Concurrency

Concurrency is the primary focus for Wget in the 2012 Google Summer of Code project.

Possible projects related to concurrency in Wget include:

Support for downloading multiple resources simultaneously
Support for downloading a single resource from multiple sources simultaneously (download acceleration")
Improvements to the progress-drawing code to support concurrency
Improvements to Wget's code architecture in general, to make it more flexible and adaptable.

Wget's current maintainer, GiuseppeScrivano, has written threads-based code to support downloading multiple files simultaneously, which is an important piece of concurrency support in Wget. The patch for this support may be found here.

However, while support for downloading multiple files simultaneously is essentially done, there isn't yet support for downloading a single file from multiple sources simultaneously. A sensible means of supporting the specification of multiple sources for a single resource, would be FeatureSpecifications/Metalink, a file format and HTTP extension which governs the specification of multiple sources for single resources. Of course, it does not specify how choices are made for how to divide up transmission of a resource across its sources.

In addition, the code for drawing progress bars still only handles a single resource being downloaded from a single source at one time. It's very simplistic drawing code, which simply draws a status line, then issues a carriage return to return the cursor to the beginning of the line, so it can draw a new one over it. Progress bar code that can handle multiple simultaneous transmissions will need to be somewhat sophisticated. Work in this area will probably require the use of curses or termcap/terminfo libraries, and perhaps knowledge of terminal escape sequences.

In addition to progress bar code, there'll be a need to produce sensible logs when multiple sources are involved. Perhaps something similar to the dot-printing method currently in use, but with more symbols than the single dot, to represent the different sources. Or perhaps separate log files for separate connections.

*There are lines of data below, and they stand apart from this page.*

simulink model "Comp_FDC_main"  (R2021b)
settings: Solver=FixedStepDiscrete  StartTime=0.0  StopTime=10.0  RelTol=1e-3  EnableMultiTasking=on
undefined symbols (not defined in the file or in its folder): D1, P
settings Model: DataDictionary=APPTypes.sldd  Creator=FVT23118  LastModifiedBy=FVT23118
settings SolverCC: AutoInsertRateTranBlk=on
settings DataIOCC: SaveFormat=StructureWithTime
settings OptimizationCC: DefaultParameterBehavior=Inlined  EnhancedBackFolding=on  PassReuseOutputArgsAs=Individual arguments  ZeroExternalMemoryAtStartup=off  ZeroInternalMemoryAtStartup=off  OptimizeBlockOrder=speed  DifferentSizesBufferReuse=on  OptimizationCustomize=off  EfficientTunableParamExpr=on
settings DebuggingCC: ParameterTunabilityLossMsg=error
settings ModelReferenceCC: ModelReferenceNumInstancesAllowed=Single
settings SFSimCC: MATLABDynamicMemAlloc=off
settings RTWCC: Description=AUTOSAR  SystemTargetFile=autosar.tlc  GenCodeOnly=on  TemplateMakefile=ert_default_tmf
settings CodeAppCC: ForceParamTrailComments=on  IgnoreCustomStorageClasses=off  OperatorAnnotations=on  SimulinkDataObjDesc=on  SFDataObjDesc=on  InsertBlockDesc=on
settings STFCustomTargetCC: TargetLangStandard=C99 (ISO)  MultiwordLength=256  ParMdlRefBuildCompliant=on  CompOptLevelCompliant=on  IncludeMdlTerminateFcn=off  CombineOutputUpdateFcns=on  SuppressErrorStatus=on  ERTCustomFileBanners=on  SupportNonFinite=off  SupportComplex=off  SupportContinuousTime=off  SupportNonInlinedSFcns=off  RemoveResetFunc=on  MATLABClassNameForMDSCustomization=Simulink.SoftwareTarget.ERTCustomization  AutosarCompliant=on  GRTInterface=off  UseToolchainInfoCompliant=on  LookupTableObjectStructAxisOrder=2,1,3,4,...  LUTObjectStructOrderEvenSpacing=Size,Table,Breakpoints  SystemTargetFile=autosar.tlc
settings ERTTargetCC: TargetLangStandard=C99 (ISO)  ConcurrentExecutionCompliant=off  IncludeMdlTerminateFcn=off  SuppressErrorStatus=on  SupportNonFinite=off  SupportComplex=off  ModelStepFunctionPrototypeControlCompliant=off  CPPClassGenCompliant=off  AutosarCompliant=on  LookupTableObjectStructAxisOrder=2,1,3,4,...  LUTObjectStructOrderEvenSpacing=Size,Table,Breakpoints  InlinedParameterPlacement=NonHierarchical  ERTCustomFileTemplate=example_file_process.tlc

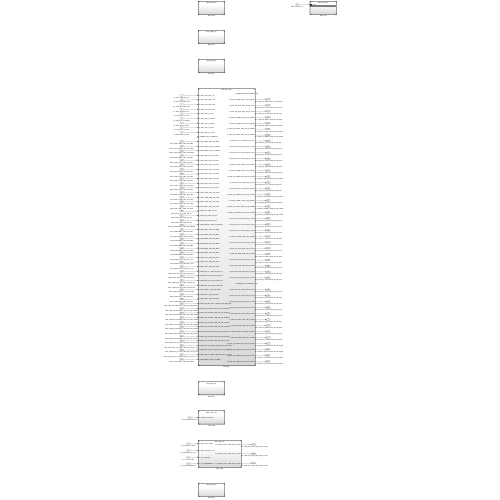
[thumbnail: Simulink's stored preview of the top-level diagram]
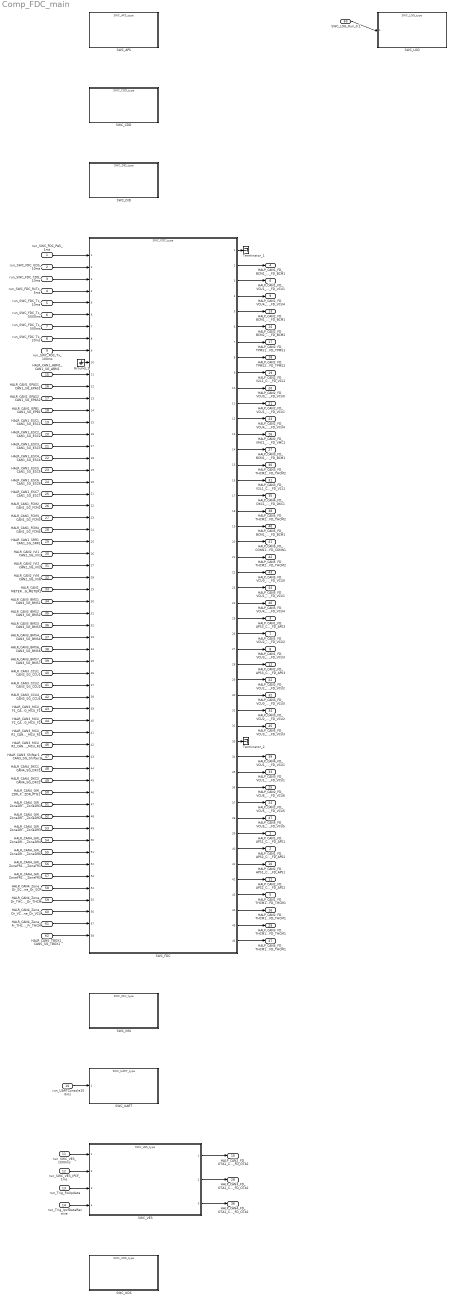
== system Comp_FDC_main ==
  run_SWC_FDC_PAS_1ms : Inport  SampleTime=0.001  OutputFunctionCall=on
  run_SWC_FDC_UDS_10ms : Inport  Port=2  SampleTime=0.01  OutputFunctionCall=on
  run_SWC_FDC_CDD_10ms : Inport  Port=3  SampleTime=0.01  OutputFunctionCall=on
  run_SWC_FDC_RxTx_5ms : Inport  Port=4  SampleTime=0.005  OutputFunctionCall=on
  run_SWC_FDC_Tx_10ms : Inport  Port=5  SampleTime=0.01  OutputFunctionCall=on
  run_SWC_FDC_Tx_5000ms : Inport  Port=6  SampleTime=5  OutputFunctionCall=on
  run_SWC_FDC_Tx_500ms : Inport  Port=7  SampleTime=0.5  OutputFunctionCall=on
  run_SWC_FDC_Tx_20ms : Inport  Port=8  SampleTime=0.02  OutputFunctionCall=on
  run_SWC_FDC_Tx_100ms : Inport  Port=9  SampleTime=0.1  OutputFunctionCall=on
  run_UARTConsole100ms : Inport  Port=10  SampleTime=0.1  OutputFunctionCall=on
  run_SWC_VES_1000ms : Inport  Port=11  SampleTime=1  OutputFunctionCall=on
  run_SWC_VES_IPCF_1ms : Inport  Port=12  SampleTime=0.001  OutputFunctionCall=on
  run_Trig_FwUpdate : Inport  Port=13  OutputFunctionCall=on
  run_Trig_IpcfDataReceive : Inport  Port=14  OutputFunctionCall=on
  HALR_CAN1_ABM1_CAN1_SG_ABM1 : Inport  Port=15  OutDataTypeStr=Bus: DT_CAN1_SG_ABM1  PortDimensions=1  BusOutputAsStruct=on
  HALR_CAN1_EPAS1_CAN1_SG_EPAS1 : Inport  Port=16  OutDataTypeStr=Bus: DT_CAN1_SG_EPAS1  PortDimensions=1  BusOutputAsStruct=on
  HALR_CAN1_EPAS2_CAN1_SG_EPAS2 : Inport  Port=17  OutDataTypeStr=Bus: DT_CAN1_SG_EPAS2  PortDimensions=1  BusOutputAsStruct=on
  HALR_CAN1_EPB1_CAN1_SG_EPB1 : Inport  Port=18  OutDataTypeStr=Bus: DT_CAN1_SG_EPB1  PortDimensions=1  BusOutputAsStruct=on
  HALR_CAN1_ESC1_CAN1_SG_ESC1 : Inport  Port=19  OutDataTypeStr=Bus: DT_CAN1_SG_ESC1  PortDimensions=1  BusOutputAsStruct=on
  HALR_CAN1_ESC2_CAN1_SG_ESC2 : Inport  Port=20  OutDataTypeStr=Bus: DT_CAN1_SG_ESC2  PortDimensions=1  BusOutputAsStruct=on
  HALR_CAN1_ESC3_CAN1_SG_ESC3 : Inport  Port=21  OutDataTypeStr=Bus: DT_CAN1_SG_ESC3  PortDimensions=1  BusOutputAsStruct=on
  HALR_CAN1_ESC4_CAN1_SG_ESC4 : Inport  Port=22  OutDataTypeStr=Bus: DT_CAN1_SG_ESC4  PortDimensions=1  BusOutputAsStruct=on
  HALR_CAN1_ESC5_CAN1_SG_ESC5 : Inport  Port=23  OutDataTypeStr=Bus: DT_CAN1_SG_ESC5  PortDimensions=1  BusOutputAsStruct=on
  HALR_CAN1_ESC6_CAN1_SG_ESC6 : Inport  Port=24  OutDataTypeStr=Bus: DT_CAN1_SG_ESC6  PortDimensions=1  BusOutputAsStruct=on
  HALR_CAN1_ESC7_CAN1_SG_ESC7 : Inport  Port=25  OutDataTypeStr=Bus: DT_CAN1_SG_ESC7  PortDimensions=1  BusOutputAsStruct=on
  HALR_CAN1_FCM2_CAN1_SG_FCM2 : Inport  Port=26  OutDataTypeStr=Bus: DT_CAN1_SG_FCM2  PortDimensions=1  BusOutputAsStruct=on
  HALR_CAN1_FCM3_CAN1_SG_FCM3 : Inport  Port=27  OutDataTypeStr=Bus: DT_CAN1_SG_FCM3  PortDimensions=1  BusOutputAsStruct=on
  HALR_CAN1_FCM4_CAN1_SG_FCM4 : Inport  Port=28  OutDataTypeStr=Bus: DT_CAN1_SG_FCM4  PortDimensions=1  BusOutputAsStruct=on
  HALR_CAN1_SRR1_CAN1_SG_SRR1 : Inport  Port=29  OutDataTypeStr=Bus: DT_CAN1_SG_SRR1  PortDimensions=1  BusOutputAsStruct=on
  HALR_CAN2_IVI1_CAN2_SG_IVI1 : Inport  Port=30  OutDataTypeStr=Bus: DT_CAN2_SG_IVI1  PortDimensions=1  BusOutputAsStruct=on
  HALR_CAN2_IVI2_CAN2_SG_IVI2 : Inport  Port=31  OutDataTypeStr=Bus: DT_CAN2_SG_IVI2  PortDimensions=1  BusOutputAsStruct=on
  HALR_CAN2_IVI6_CAN2_SG_IVI6 : Inport  Port=32  OutDataTypeStr=Bus: DT_CAN2_SG_IVI6  PortDimensions=1  BusOutputAsStruct=on
  HALR_CAN2_METER1_CAN2_SG_METER1 : Inport  Port=33  OutDataTypeStr=Bus: DT_CAN2_SG_METER1  PortDimensions=1  BusOutputAsStruct=on
  HALR_CAN3_BMS1_CAN3_SG_BMS1 : Inport  Port=34  OutDataTypeStr=Bus: DT_CAN3_SG_BMS1  PortDimensions=1  BusOutputAsStruct=on
  HALR_CAN3_BMS2_CAN3_SG_BMS2 : Inport  Port=35  OutDataTypeStr=Bus: DT_CAN3_SG_BMS2  PortDimensions=1  BusOutputAsStruct=on
  HALR_CAN3_BMS3_CAN3_SG_BMS3 : Inport  Port=36  OutDataTypeStr=Bus: DT_CAN3_SG_BMS3  PortDimensions=1  BusOutputAsStruct=on
  HALR_CAN3_BMS4_CAN3_SG_BMS4 : Inport  Port=37  OutDataTypeStr=Bus: DT_CAN3_SG_BMS4  PortDimensions=1  BusOutputAsStruct=on
  HALR_CAN3_BMS6_CAN3_SG_BMS6 : Inport  Port=38  OutDataTypeStr=Bus: DT_CAN3_SG_BMS6  PortDimensions=1  BusOutputAsStruct=on
  HALR_CAN3_BMS7_CAN3_SG_BMS7 : Inport  Port=39  OutDataTypeStr=Bus: DT_CAN3_SG_BMS7  PortDimensions=1  BusOutputAsStruct=on
  HALR_CAN3_CCU1_CAN3_SG_CCU1 : Inport  Port=40  OutDataTypeStr=Bus: DT_CAN3_SG_CCU1  PortDimensions=1  BusOutputAsStruct=on
  HALR_CAN3_CCU2_CAN3_SG_CCU2 : Inport  Port=41  OutDataTypeStr=Bus: DT_CAN3_SG_CCU2  PortDimensions=1  BusOutputAsStruct=on
  HALR_CAN3_CCU4_CAN3_SG_CCU4 : Inport  Port=42  OutDataTypeStr=Bus: DT_CAN3_SG_CCU4  PortDimensions=1  BusOutputAsStruct=on
  HALR_CAN3_MCU_F1_CAN3_SG_MCU_F1 : Inport  Port=43  OutDataTypeStr=Bus: DT_CAN3_SG_MCU_F1  PortDimensions=1  BusOutputAsStruct=on
  HALR_CAN3_MCU_F2_CAN3_SG_MCU_F2 : Inport  Port=44  OutDataTypeStr=Bus: DT_CAN3_SG_MCU_F2  PortDimensions=1  BusOutputAsStruct=on
  HALR_CAN3_MCU_R1_CAN3_SG_MCU_R1 : Inport  Port=45  OutDataTypeStr=Bus: DT_CAN3_SG_MCU_R1  PortDimensions=1  BusOutputAsStruct=on
  HALR_CAN3_MCU_R2_CAN3_SG_MCU_R2 : Inport  Port=46  OutDataTypeStr=Bus: DT_CAN3_SG_MCU_R2  PortDimensions=1  BusOutputAsStruct=on
  HALR_CAN3_Shifter1_CAN3_SG_Shifter1 : Inport  Port=47  OutDataTypeStr=Bus: DT_CAN3_SG_Shifter1  PortDimensions=1  BusOutputAsStruct=on
  HALR_CAN4_DKC1_CAN4_SG_DKC1 : Inport  Port=48  OutDataTypeStr=Bus: DT_CAN4_SG_DKC1  PortDimensions=1  BusOutputAsStruct=on
  HALR_CAN4_DKC2_CAN4_SG_DKC2 : Inport  Port=49  OutDataTypeStr=Bus: DT_CAN4_SG_DKC2  PortDimensions=1  BusOutputAsStruct=on
  HALR_CAN4_GW_ZDR_PTG1_CAN4_SG_GW_ZDR_PTG1 : Inport  Port=50  OutDataTypeStr=Bus: DT_CAN4_SG_GW_ZDR_PTG1  PortDimensions=1  BusOutputAsStruct=on
  HALR_CAN4_GW_ZoneDR1_CAN4_SG_GW_ZoneDR1 : Inport  Port=51  OutDataTypeStr=Bus: DT_CAN4_SG_GW_ZoneDR1  PortDimensions=1  BusOutputAsStruct=on
  HALR_CAN4_GW_ZoneDR2_CAN4_SG_GW_ZoneDR2 : Inport  Port=52  OutDataTypeStr=Bus: DT_CAN4_SG_GW_ZoneDR2  PortDimensions=1  BusOutputAsStruct=on
  HALR_CAN4_GW_ZoneDR3_CAN4_SG_GW_ZoneDR3 : Inport  Port=53  OutDataTypeStr=Bus: DT_CAN4_SG_GW_ZoneDR3  PortDimensions=1  BusOutputAsStruct=on
  HALR_CAN4_GW_ZoneDR4_CAN4_SG_GW_ZoneDR4 : Inport  Port=54  OutDataTypeStr=Bus: DT_CAN4_SG_GW_ZoneDR4  PortDimensions=1  BusOutputAsStruct=on
  HALR_CAN4_GW_ZoneDR6_CAN4_SG_GW_ZoneDR6 : Inport  Port=55  OutDataTypeStr=Bus: DT_CAN4_SG_GW_ZoneDR6  PortDimensions=1  BusOutputAsStruct=on
  HALR_CAN4_GW_ZoneFR1_CAN4_SG_GW_ZoneFR1 : Inport  Port=56  OutDataTypeStr=Bus: DT_CAN4_SG_GW_ZoneFR1  PortDimensions=1  BusOutputAsStruct=on
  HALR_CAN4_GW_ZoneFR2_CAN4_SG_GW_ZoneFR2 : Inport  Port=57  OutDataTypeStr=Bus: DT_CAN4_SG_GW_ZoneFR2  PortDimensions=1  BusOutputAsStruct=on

Many areas of Wget's source code are large, bloated, handle too many responsibilities, retain too much knowledge about implementation particulars, and can't be easily changed or adapted to deal with new requirements. This was a primary reason for the choice to support multiple simultaneous transmissions via threads, rather than asynchronous I/O. But even if support is never changed from threads to async I/O, it would be of great value to clean up Wget's code; to split apart the behemoth functions into smaller, more manageable chunks of code, and to partition knowledge and responsibilities better, so that changing implementations only requires changes to code that directly deals with the matters involved, rather than changing it in a hundred places.